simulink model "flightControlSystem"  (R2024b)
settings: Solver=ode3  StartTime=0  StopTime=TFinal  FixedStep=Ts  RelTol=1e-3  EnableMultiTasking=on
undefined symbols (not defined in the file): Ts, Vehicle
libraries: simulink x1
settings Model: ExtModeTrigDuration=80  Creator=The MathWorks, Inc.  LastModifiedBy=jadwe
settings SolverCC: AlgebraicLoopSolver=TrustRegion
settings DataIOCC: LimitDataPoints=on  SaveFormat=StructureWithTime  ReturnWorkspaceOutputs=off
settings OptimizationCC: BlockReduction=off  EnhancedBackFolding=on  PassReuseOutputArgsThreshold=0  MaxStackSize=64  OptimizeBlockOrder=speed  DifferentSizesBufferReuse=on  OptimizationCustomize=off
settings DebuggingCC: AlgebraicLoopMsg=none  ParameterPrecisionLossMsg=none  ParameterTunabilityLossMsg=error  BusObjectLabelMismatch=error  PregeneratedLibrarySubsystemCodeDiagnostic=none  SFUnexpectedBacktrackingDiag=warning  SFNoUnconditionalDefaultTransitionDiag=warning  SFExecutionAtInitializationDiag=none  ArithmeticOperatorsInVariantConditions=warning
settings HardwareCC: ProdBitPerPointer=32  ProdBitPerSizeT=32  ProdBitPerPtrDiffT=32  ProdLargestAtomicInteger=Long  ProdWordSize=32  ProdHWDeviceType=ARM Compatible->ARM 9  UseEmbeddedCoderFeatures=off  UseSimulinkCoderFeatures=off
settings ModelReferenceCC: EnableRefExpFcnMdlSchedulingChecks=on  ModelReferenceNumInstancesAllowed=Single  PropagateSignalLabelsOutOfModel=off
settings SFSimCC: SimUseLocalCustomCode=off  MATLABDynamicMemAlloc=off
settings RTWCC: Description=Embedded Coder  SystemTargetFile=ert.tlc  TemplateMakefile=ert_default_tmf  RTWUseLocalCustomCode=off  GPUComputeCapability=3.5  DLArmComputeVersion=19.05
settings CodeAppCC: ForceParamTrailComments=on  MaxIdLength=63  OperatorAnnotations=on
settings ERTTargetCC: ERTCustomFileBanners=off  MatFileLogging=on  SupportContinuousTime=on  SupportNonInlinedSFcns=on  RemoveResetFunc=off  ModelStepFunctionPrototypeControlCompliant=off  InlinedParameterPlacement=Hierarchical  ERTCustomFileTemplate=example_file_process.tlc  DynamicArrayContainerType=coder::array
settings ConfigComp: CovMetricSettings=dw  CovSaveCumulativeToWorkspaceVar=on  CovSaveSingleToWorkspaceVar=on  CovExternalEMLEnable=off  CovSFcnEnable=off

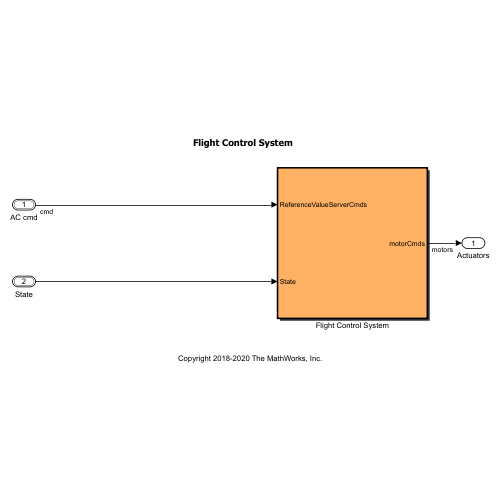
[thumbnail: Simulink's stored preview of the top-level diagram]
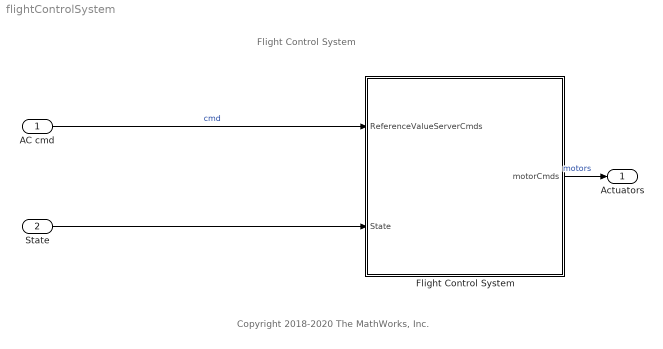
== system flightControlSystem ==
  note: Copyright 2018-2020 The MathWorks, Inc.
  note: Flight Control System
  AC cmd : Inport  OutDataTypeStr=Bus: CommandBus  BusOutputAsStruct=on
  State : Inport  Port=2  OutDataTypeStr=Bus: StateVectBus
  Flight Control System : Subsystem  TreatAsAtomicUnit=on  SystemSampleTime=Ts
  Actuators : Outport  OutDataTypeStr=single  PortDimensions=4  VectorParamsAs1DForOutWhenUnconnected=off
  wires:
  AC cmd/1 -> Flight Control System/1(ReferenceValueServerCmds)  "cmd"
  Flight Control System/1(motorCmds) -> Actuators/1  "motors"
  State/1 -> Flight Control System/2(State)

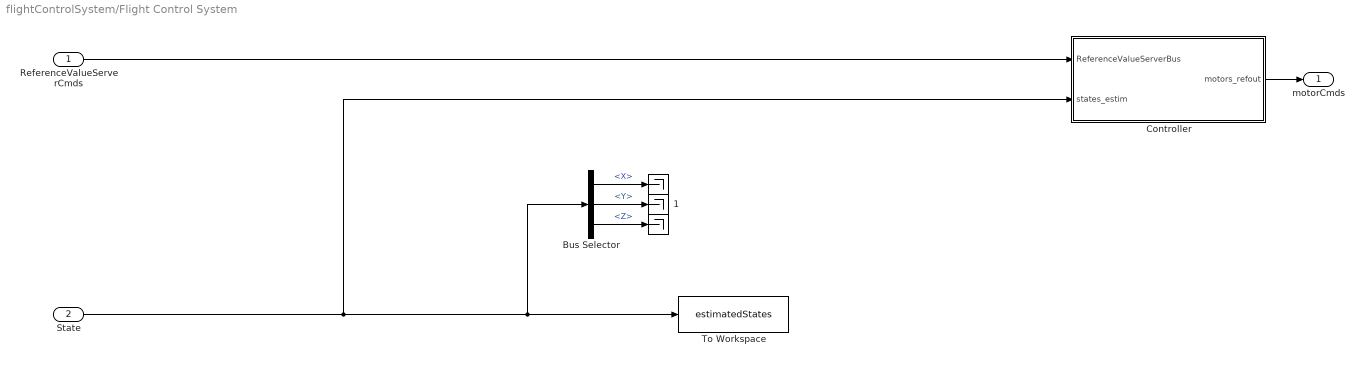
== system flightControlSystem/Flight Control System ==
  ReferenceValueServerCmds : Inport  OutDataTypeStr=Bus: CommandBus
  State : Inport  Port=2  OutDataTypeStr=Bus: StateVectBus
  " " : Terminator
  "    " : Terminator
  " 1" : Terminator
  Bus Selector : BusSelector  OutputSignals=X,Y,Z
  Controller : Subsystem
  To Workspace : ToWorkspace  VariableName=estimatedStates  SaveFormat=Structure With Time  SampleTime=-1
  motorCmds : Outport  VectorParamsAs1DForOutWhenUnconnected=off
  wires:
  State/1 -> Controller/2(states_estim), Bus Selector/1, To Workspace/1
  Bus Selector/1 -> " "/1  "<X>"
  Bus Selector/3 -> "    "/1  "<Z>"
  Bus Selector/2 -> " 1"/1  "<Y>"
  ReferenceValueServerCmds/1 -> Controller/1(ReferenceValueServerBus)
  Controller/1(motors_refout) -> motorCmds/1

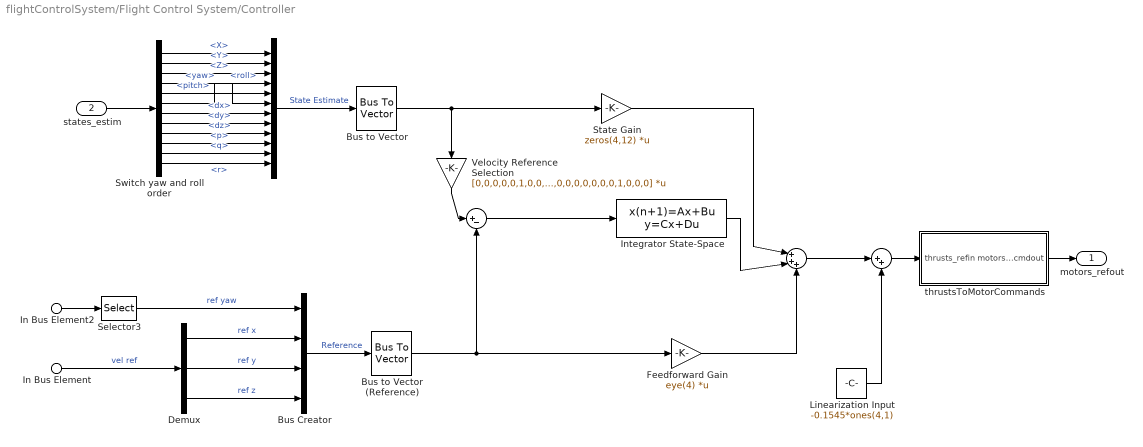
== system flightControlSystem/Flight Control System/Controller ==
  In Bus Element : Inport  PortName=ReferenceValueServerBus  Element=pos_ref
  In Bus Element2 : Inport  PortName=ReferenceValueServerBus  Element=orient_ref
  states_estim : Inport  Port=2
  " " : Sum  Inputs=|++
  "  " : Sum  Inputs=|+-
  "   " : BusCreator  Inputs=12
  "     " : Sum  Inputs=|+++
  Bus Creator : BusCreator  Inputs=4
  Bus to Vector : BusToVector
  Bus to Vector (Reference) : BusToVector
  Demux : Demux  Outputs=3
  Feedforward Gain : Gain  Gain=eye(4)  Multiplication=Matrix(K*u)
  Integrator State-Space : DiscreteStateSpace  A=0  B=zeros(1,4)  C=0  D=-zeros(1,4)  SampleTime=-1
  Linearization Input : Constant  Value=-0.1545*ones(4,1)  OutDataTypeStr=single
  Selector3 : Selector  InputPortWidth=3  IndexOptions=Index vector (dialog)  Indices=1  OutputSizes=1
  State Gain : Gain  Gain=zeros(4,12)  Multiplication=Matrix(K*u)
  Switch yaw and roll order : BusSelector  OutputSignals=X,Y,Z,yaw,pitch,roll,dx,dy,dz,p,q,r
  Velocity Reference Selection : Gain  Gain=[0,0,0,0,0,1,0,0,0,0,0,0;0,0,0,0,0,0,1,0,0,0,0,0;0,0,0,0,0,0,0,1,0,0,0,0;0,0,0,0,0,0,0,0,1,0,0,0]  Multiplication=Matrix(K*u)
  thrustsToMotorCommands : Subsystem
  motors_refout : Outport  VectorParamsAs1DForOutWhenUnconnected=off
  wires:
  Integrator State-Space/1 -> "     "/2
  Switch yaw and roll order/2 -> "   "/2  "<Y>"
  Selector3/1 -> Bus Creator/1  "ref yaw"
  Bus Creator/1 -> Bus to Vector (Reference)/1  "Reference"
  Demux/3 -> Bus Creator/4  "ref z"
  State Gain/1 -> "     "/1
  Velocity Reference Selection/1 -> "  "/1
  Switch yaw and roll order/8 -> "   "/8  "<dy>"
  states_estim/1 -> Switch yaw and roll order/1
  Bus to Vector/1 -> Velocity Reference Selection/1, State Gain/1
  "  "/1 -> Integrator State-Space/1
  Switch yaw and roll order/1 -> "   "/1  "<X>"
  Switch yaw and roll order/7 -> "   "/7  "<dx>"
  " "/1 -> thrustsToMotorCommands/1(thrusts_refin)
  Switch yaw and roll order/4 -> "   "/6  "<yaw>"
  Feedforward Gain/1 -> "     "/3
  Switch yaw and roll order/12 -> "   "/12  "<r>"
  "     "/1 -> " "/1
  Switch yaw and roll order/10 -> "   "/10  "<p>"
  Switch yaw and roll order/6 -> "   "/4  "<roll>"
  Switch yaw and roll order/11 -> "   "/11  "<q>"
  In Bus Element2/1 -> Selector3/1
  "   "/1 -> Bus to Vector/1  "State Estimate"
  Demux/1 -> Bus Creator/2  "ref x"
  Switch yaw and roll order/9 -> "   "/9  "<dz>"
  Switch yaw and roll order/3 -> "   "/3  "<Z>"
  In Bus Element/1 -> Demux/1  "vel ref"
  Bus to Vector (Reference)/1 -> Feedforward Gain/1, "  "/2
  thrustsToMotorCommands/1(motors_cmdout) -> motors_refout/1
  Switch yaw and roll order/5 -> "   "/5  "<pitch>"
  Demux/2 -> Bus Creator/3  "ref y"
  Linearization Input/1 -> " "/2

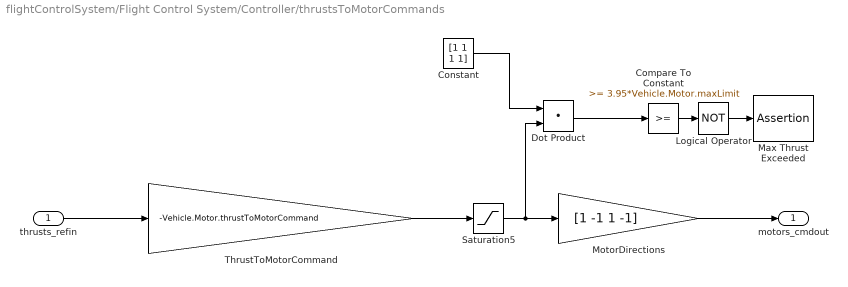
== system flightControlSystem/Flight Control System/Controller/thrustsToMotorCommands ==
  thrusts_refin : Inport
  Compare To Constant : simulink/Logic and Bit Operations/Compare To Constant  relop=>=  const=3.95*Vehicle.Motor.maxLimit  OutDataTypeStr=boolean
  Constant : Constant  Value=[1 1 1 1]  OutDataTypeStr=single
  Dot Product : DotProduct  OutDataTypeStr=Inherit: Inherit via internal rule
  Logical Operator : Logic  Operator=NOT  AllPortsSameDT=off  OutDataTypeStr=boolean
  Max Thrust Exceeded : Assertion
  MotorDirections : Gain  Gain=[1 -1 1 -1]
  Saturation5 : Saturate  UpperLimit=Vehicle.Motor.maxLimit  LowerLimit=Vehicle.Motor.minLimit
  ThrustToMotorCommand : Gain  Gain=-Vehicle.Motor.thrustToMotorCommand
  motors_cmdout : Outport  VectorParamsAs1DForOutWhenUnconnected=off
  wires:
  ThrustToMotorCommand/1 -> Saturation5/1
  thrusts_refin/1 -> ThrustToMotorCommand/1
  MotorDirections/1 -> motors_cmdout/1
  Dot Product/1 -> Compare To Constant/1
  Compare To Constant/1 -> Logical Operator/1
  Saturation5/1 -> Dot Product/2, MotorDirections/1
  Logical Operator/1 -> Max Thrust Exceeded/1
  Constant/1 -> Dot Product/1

◆ **WHAT TO DO**: Return only the stretch above from the line containing "Switch yaw and roll order/12" through the line containing "ThrustToMotorCommand/1 -> Saturation5/1", word for word and without pictures.

◆ **YOUR RESPONSE**:
  Switch yaw and roll order/12 -> "   "/12  "<r>"
  "     "/1 -> " "/1
  Switch yaw and roll order/10 -> "   "/10  "<p>"
  Switch yaw and roll order/6 -> "   "/4  "<roll>"
  Switch yaw and roll order/11 -> "   "/11  "<q>"
  In Bus Element2/1 -> Selector3/1
  "   "/1 -> Bus to Vector/1  "State Estimate"
  Demux/1 -> Bus Creator/2  "ref x"
  Switch yaw and roll order/9 -> "   "/9  "<dz>"
  Switch yaw and roll order/3 -> "   "/3  "<Z>"
  In Bus Element/1 -> Demux/1  "vel ref"
  Bus to Vector (Reference)/1 -> Feedforward Gain/1, "  "/2
  thrustsToMotorCommands/1(motors_cmdout) -> motors_refout/1
  Switch yaw and roll order/5 -> "   "/5  "<pitch>"
  Demux/2 -> Bus Creator/3  "ref y"
  Linearization Input/1 -> " "/2

== system flightControlSystem/Flight Control System/Controller/thrustsToMotorCommands ==
  thrusts_refin : Inport
  Compare To Constant : simulink/Logic and Bit Operations/Compare To Constant  relop=>=  const=3.95*Vehicle.Motor.maxLimit  OutDataTypeStr=boolean
  Constant : Constant  Value=[1 1 1 1]  OutDataTypeStr=single
  Dot Product : DotProduct  OutDataTypeStr=Inherit: Inherit via internal rule
  Logical Operator : Logic  Operator=NOT  AllPortsSameDT=off  OutDataTypeStr=boolean
  Max Thrust Exceeded : Assertion
  MotorDirections : Gain  Gain=[1 -1 1 -1]
  Saturation5 : Saturate  UpperLimit=Vehicle.Motor.maxLimit  LowerLimit=Vehicle.Motor.minLimit
  ThrustToMotorCommand : Gain  Gain=-Vehicle.Motor.thrustToMotorCommand
  motors_cmdout : Outport  VectorParamsAs1DForOutWhenUnconnected=off
  wires:
  ThrustToMotorCommand/1 -> Saturation5/1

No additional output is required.